Selon un rapport parlementaire, la taxe mériterait d’être augmentée. Représentant en effet seulement 2,51 centimes par canette de 33 centilitres, il y a certainement moyen de faire cracher un peu plus au bassinet ce gros richard de consommateur, en la faisant passer à 4,6 centimes par canette. Au passage, le même rapport envisage d’augmenter la taxe sur les barres chocolatées ou de surtaxer tous les produits sucrés qui dépassent un seuil prédéfini.

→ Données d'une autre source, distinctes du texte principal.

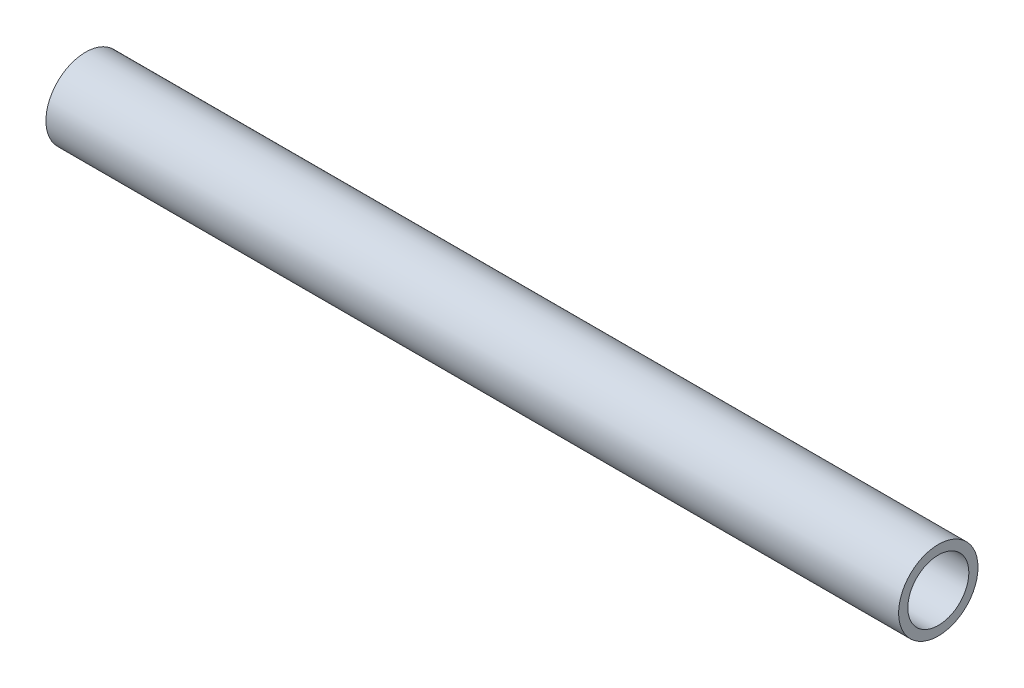
ISO-10303-21;
HEADER;
FILE_DESCRIPTION(('STEP AP214'),'2;1');
FILE_NAME('part.step','',(''),(''),'','','');
FILE_SCHEMA(('AUTOMOTIVE_DESIGN { 1 0 10303 214 1 1 1 1 }'));
ENDSEC;
DATA;
#1=APPLICATION_CONTEXT('core data for automotive mechanical design processes');
#2=APPLICATION_PROTOCOL_DEFINITION('international standard','automotive_design',2000,#1);
#3=PRODUCT_CONTEXT('',#1,'mechanical');
#4=PRODUCT('Part','Part','',(#3));
#5=PRODUCT_RELATED_PRODUCT_CATEGORY('part','',(#4));
#6=PRODUCT_DEFINITION_FORMATION('','',#4);
#7=PRODUCT_DEFINITION_CONTEXT('part definition',#1,'design');
#8=PRODUCT_DEFINITION('design','',#6,#7);
#9=PRODUCT_DEFINITION_SHAPE('','',#8);
#10=(LENGTH_UNIT() NAMED_UNIT(*) SI_UNIT(.MILLI.,.METRE.));
#11=(NAMED_UNIT(*) PLANE_ANGLE_UNIT() SI_UNIT($,.RADIAN.));
#12=(NAMED_UNIT(*) SI_UNIT($,.STERADIAN.) SOLID_ANGLE_UNIT());
#13=UNCERTAINTY_MEASURE_WITH_UNIT(LENGTH_MEASURE(1.E-05),#10,'distance_accuracy_value','');
#14=(GEOMETRIC_REPRESENTATION_CONTEXT(3) GLOBAL_UNCERTAINTY_ASSIGNED_CONTEXT((#13)) GLOBAL_UNIT_ASSIGNED_CONTEXT((#10,
#11,#12)) REPRESENTATION_CONTEXT('',''));
#15=CARTESIAN_POINT('',(0.,0.,0.));
#16=DIRECTION('',(0.,0.,1.));
#17=DIRECTION('',(1.,0.,0.));
#18=AXIS2_PLACEMENT_3D('',#15,#16,#17);
#19=CARTESIAN_POINT('',(139.7,0.,0.));
#20=DIRECTION('',(1.,0.,0.));
#21=DIRECTION('',(0.,0.,-1.));
#22=AXIS2_PLACEMENT_3D('',#19,#20,#21);
#23=PLANE('',#22);
#24=CARTESIAN_POINT('',(139.7,0.,0.));
#25=DIRECTION('',(1.,0.,0.));
#26=DIRECTION('',(0.,0.,-1.));
#27=AXIS2_PLACEMENT_3D('',#24,#25,#26);
#28=CIRCLE('',#27,6.5);
#29=CARTESIAN_POINT('',(139.7,0.,-6.5));
#30=VERTEX_POINT('',#29);
#31=EDGE_CURVE('E10',#30,#30,#28,.T.);
#32=ORIENTED_EDGE('',*,*,#31,.T.);
#33=EDGE_LOOP('',(#32));
#34=FACE_BOUND('',#33,.T.);
#35=CARTESIAN_POINT('',(139.7,0.,0.));
#36=DIRECTION('',(1.,0.,0.));
#37=DIRECTION('',(0.,0.,-1.));
#38=AXIS2_PLACEMENT_3D('',#35,#36,#37);
#39=CIRCLE('',#38,5.);
#40=CARTESIAN_POINT('',(139.7,0.,-5.));
#41=VERTEX_POINT('',#40);
#42=EDGE_CURVE('E56',#41,#41,#39,.T.);
#43=ORIENTED_EDGE('',*,*,#42,.F.);
#44=EDGE_LOOP('',(#43));
#45=FACE_BOUND('',#44,.T.);
#46=ADVANCED_FACE('F43',(#34,#45),#23,.T.);
#47=CARTESIAN_POINT('',(0.,0.,0.));
#48=DIRECTION('',(1.,0.,0.));
#49=DIRECTION('',(0.,0.,-1.));
#50=AXIS2_PLACEMENT_3D('',#47,#48,#49);
#51=PLANE('',#50);
#52=CARTESIAN_POINT('',(0.,0.,0.));
#53=DIRECTION('',(1.,0.,0.));
#54=DIRECTION('',(0.,0.,-1.));
#55=AXIS2_PLACEMENT_3D('',#52,#53,#54);
#56=CIRCLE('',#55,6.5);
#57=CARTESIAN_POINT('',(0.,0.,-6.5));
#58=VERTEX_POINT('',#57);
#59=EDGE_CURVE('E47',#58,#58,#56,.T.);
#60=ORIENTED_EDGE('',*,*,#59,.F.);
#61=EDGE_LOOP('',(#60));
#62=FACE_BOUND('',#61,.T.);
#63=CARTESIAN_POINT('',(0.,0.,0.));
#64=DIRECTION('',(1.,0.,0.));
#65=DIRECTION('',(0.,0.,-1.));
#66=AXIS2_PLACEMENT_3D('',#63,#64,#65);
#67=CIRCLE('',#66,5.);
#68=CARTESIAN_POINT('',(0.,0.,-5.));
#69=VERTEX_POINT('',#68);
#70=EDGE_CURVE('E58',#69,#69,#67,.T.);
#71=ORIENTED_EDGE('',*,*,#70,.T.);
#72=EDGE_LOOP('',(#71));
#73=FACE_BOUND('',#72,.T.);
#74=ADVANCED_FACE('F70',(#62,#73),#51,.F.);
#75=CARTESIAN_POINT('',(139.7,0.,0.));
#76=DIRECTION('',(-1.,0.,0.));
#77=DIRECTION('',(0.,0.,1.));
#78=AXIS2_PLACEMENT_3D('',#75,#76,#77);
#79=CYLINDRICAL_SURFACE('',#78,6.5);
#80=ORIENTED_EDGE('',*,*,#31,.F.);
#81=EDGE_LOOP('',(#80));
#82=FACE_BOUND('',#81,.T.);
#83=ORIENTED_EDGE('',*,*,#59,.T.);
#84=EDGE_LOOP('',(#83));
#85=FACE_BOUND('',#84,.T.);
#86=ADVANCED_FACE('F45',(#82,#85),#79,.T.);
#87=CARTESIAN_POINT('',(139.7,0.,0.));
#88=DIRECTION('',(-1.,0.,0.));
#89=DIRECTION('',(0.,0.,1.));
#90=AXIS2_PLACEMENT_3D('',#87,#88,#89);
#91=CYLINDRICAL_SURFACE('',#90,5.);
#92=ORIENTED_EDGE('',*,*,#42,.T.);
#93=EDGE_LOOP('',(#92));
#94=FACE_BOUND('',#93,.T.);
#95=ORIENTED_EDGE('',*,*,#70,.F.);
#96=EDGE_LOOP('',(#95));
#97=FACE_BOUND('',#96,.T.);
#98=ADVANCED_FACE('F66',(#94,#97),#91,.F.);
#99=CLOSED_SHELL('',(#46,#74,#86,#98));
#100=MANIFOLD_SOLID_BREP('B2',#99);
#101=ADVANCED_BREP_SHAPE_REPRESENTATION('',(#18,#100),#14);
#102=SHAPE_DEFINITION_REPRESENTATION(#9,#101);
ENDSEC;
END-ISO-10303-21;
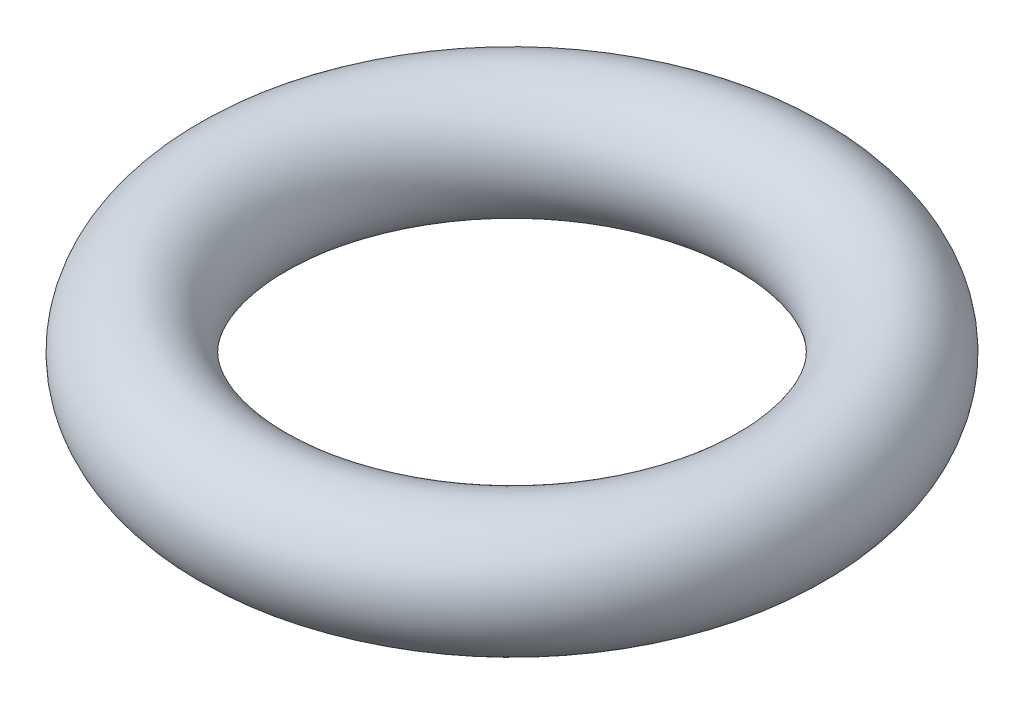
ISO-10303-21;
HEADER;
FILE_DESCRIPTION(('STEP AP214'),'2;1');
FILE_NAME('part.step','',(''),(''),'','','');
FILE_SCHEMA(('AUTOMOTIVE_DESIGN { 1 0 10303 214 1 1 1 1 }'));
ENDSEC;
DATA;
#1=APPLICATION_CONTEXT('core data for automotive mechanical design processes');
#2=APPLICATION_PROTOCOL_DEFINITION('international standard','automotive_design',2000,#1);
#3=PRODUCT_CONTEXT('',#1,'mechanical');
#4=PRODUCT('Part','Part','',(#3));
#5=PRODUCT_RELATED_PRODUCT_CATEGORY('part','',(#4));
#6=PRODUCT_DEFINITION_FORMATION('','',#4);
#7=PRODUCT_DEFINITION_CONTEXT('part definition',#1,'design');
#8=PRODUCT_DEFINITION('design','',#6,#7);
#9=PRODUCT_DEFINITION_SHAPE('','',#8);
#10=(LENGTH_UNIT() NAMED_UNIT(*) SI_UNIT(.MILLI.,.METRE.));
#11=(NAMED_UNIT(*) PLANE_ANGLE_UNIT() SI_UNIT($,.RADIAN.));
#12=(NAMED_UNIT(*) SI_UNIT($,.STERADIAN.) SOLID_ANGLE_UNIT());
#13=UNCERTAINTY_MEASURE_WITH_UNIT(LENGTH_MEASURE(1.E-05),#10,'distance_accuracy_value','');
#14=(GEOMETRIC_REPRESENTATION_CONTEXT(3) GLOBAL_UNCERTAINTY_ASSIGNED_CONTEXT((#13)) GLOBAL_UNIT_ASSIGNED_CONTEXT((#10,
#11,#12)) REPRESENTATION_CONTEXT('',''));
#15=CARTESIAN_POINT('',(0.,0.,0.));
#16=DIRECTION('',(0.,0.,1.));
#17=DIRECTION('',(1.,0.,0.));
#18=AXIS2_PLACEMENT_3D('',#15,#16,#17);
#19=CARTESIAN_POINT('',(0.,0.,0.));
#20=DIRECTION('',(0.,1.,0.));
#21=DIRECTION('',(0.,0.,1.));
#22=AXIS2_PLACEMENT_3D('',#19,#20,#21);
#23=TOROIDAL_SURFACE('',#22,1.9685,0.444499999999997);
#24=CARTESIAN_POINT('',(0.,0.,2.41299999999999));
#25=VERTEX_POINT('',#24);
#26=VERTEX_LOOP('',#25);
#27=FACE_BOUND('',#26,.T.);
#28=ADVANCED_FACE('F28',(#27),#23,.T.);
#29=CLOSED_SHELL('',(#28));
#30=MANIFOLD_SOLID_BREP('B2',#29);
#31=ADVANCED_BREP_SHAPE_REPRESENTATION('',(#18,#30),#14);
#32=SHAPE_DEFINITION_REPRESENTATION(#9,#31);
ENDSEC;
END-ISO-10303-21;

Et pour mettre un peu de vaseline autour de la mesure qu’on pressent impopulaire, le rapport préconise d’en profiter pour supprimer quelques autres taxes alimentaires pour faire bonne mesure.
L’objectif affiché par cette manœuvre serait la simplification fiscale en supprimant d’autres taxes en les concentrant sur un nombre restreint de produits. Il faut dire que, comme d’habitude en France en matière de fiscalité, la tuyauterie chromée aux multiples tubulures tintinnabulantes que Bercy a mis en place sur les produits alimentaires peut déclencher des cauchemars chez la plupart des contribuables normalement constitués : une demi-douzaine de tarifs différents pour les huiles, des modalités invraisemblables pour le chocolat suivant son poids ou sa taille, des taxes sur des produits locaux ou dont le bénéfice sanitaire par rapport à d’autres, moins taxés, est connu, la liste est longue, les tubes multiples, les petits boutons et les leviers nombreux.
Bref, l’idée serait d’élaguer vigoureusement ce foisonnement, de cogner de façon plus forte et plus précise sur les sodas, et, en définitive, de parier sur la capacité de nos parlementaires d’abord, puis de l’administration fiscale ensuite, à fournir un ensemble de textes lisibles, concis et applicables rapidement.
Vous avez bien lu : nos députés et l’administration derrière entendent nous faire croire qu’ils vont remplacer une myriade de taxes qui rapportent malgré tout des douzaines de millions d’euros à l’Etat par une simple augmentation de l’une d’entre elles, parvenant ainsi à une simplification fiscale effective.
Ici, il est plus que temps d’insérer un petit GIF animé.
C’est bien sûr totalement grotesque.
Tout comme la nouvelle Taxe Régionale Spéciale d’Élargissement de Sphincters au Tractopelle, cette Augmentation Simplificatrice de la Taxe Soda se terminera en usine à gaz mortels pour le contribuable et les entreprises chargées d’une façon ou d’une autre de la collecter.
Décidément, le changement n’est pas pour maintenant, et tout comme l’austérité qui n’a jamais eu lieu en France, la simplification administrative, fiscale ou taxatoire est une chimère, et la pause fiscale n’a jamais autant ressemblé à un air de flûtiau joué en distorsion sur des amplis de plusieurs mégawatts.